→ **TASK BRIEF**:
Going line by line through the entries below, count those that contain "name". Give the number by itself.

[Recorded data]
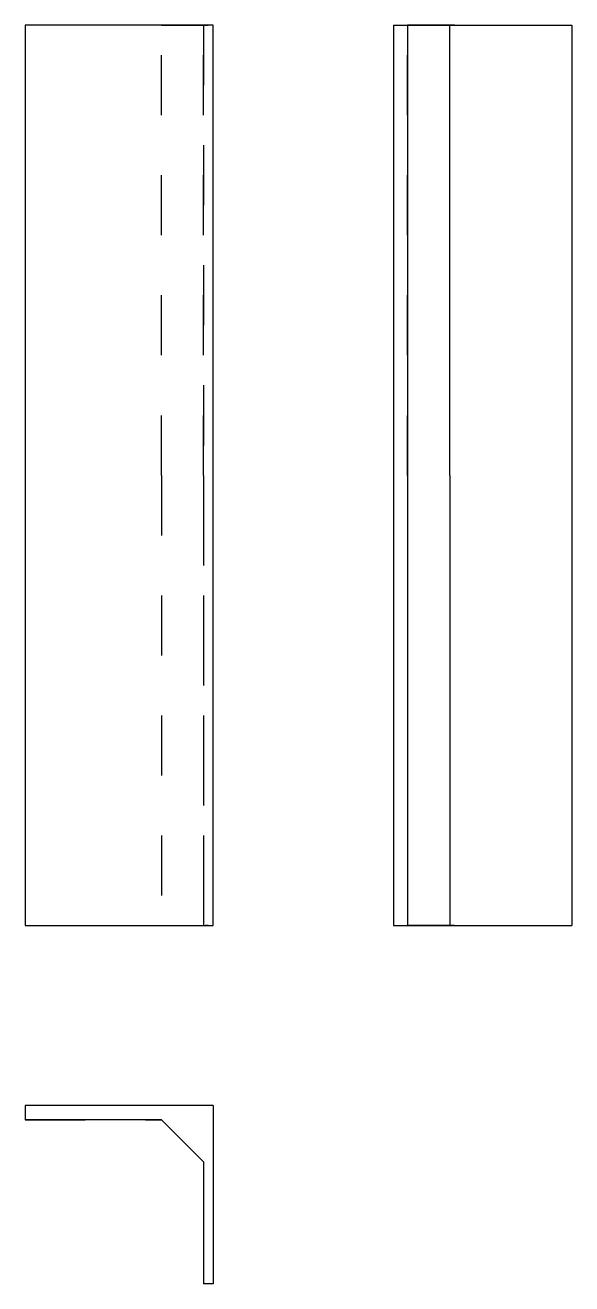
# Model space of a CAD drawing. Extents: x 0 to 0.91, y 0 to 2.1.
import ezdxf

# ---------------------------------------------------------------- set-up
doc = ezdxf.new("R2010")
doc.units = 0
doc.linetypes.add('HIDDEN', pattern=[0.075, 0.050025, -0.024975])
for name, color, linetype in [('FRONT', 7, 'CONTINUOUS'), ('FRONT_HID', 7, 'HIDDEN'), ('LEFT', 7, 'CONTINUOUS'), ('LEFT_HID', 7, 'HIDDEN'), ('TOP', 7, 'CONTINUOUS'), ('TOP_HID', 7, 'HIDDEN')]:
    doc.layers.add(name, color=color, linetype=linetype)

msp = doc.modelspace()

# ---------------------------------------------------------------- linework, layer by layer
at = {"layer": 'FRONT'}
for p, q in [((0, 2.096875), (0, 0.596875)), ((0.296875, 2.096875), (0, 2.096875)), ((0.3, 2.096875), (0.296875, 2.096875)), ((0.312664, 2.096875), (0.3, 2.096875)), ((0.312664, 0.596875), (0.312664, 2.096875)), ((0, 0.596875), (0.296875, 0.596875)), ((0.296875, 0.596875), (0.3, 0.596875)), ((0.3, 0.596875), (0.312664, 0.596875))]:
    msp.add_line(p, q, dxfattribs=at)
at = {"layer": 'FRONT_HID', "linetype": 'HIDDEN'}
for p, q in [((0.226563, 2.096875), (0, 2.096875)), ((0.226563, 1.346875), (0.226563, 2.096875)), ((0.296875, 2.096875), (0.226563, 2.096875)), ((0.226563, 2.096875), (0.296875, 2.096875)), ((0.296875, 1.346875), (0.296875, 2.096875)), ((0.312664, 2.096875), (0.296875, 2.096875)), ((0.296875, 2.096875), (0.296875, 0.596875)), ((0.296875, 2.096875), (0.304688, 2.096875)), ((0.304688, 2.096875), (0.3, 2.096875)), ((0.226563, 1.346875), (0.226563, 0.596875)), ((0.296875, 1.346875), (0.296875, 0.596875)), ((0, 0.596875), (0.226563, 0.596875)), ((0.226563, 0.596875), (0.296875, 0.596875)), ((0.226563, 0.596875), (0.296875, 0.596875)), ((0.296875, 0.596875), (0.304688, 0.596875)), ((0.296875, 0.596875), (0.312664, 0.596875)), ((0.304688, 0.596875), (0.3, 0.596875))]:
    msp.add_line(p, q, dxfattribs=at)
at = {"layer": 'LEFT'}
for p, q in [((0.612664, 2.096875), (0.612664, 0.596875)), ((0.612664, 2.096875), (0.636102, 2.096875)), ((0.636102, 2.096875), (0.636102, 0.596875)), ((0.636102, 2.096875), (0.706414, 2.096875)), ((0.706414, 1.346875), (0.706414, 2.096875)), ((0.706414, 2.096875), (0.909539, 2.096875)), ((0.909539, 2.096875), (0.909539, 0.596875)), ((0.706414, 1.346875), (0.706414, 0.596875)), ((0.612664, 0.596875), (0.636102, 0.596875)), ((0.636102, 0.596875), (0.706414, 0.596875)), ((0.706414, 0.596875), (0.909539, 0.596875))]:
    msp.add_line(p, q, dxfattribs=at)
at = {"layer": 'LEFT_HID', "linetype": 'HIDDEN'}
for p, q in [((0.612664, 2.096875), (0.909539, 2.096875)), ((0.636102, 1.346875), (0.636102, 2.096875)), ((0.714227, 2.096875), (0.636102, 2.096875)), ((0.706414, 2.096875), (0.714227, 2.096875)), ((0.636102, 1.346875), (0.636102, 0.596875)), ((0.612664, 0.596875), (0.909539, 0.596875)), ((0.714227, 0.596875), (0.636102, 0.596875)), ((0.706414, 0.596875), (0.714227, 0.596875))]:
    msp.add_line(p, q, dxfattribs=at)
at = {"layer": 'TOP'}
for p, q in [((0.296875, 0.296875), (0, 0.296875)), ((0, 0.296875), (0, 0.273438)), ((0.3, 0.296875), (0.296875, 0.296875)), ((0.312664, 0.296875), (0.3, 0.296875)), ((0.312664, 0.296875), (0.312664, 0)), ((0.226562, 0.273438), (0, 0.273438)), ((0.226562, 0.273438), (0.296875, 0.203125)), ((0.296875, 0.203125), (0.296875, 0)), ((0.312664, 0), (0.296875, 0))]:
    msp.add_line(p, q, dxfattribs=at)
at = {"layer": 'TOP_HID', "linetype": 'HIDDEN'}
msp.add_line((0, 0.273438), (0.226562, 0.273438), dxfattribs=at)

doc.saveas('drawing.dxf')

→ **RESULT OF THE TASK**:
2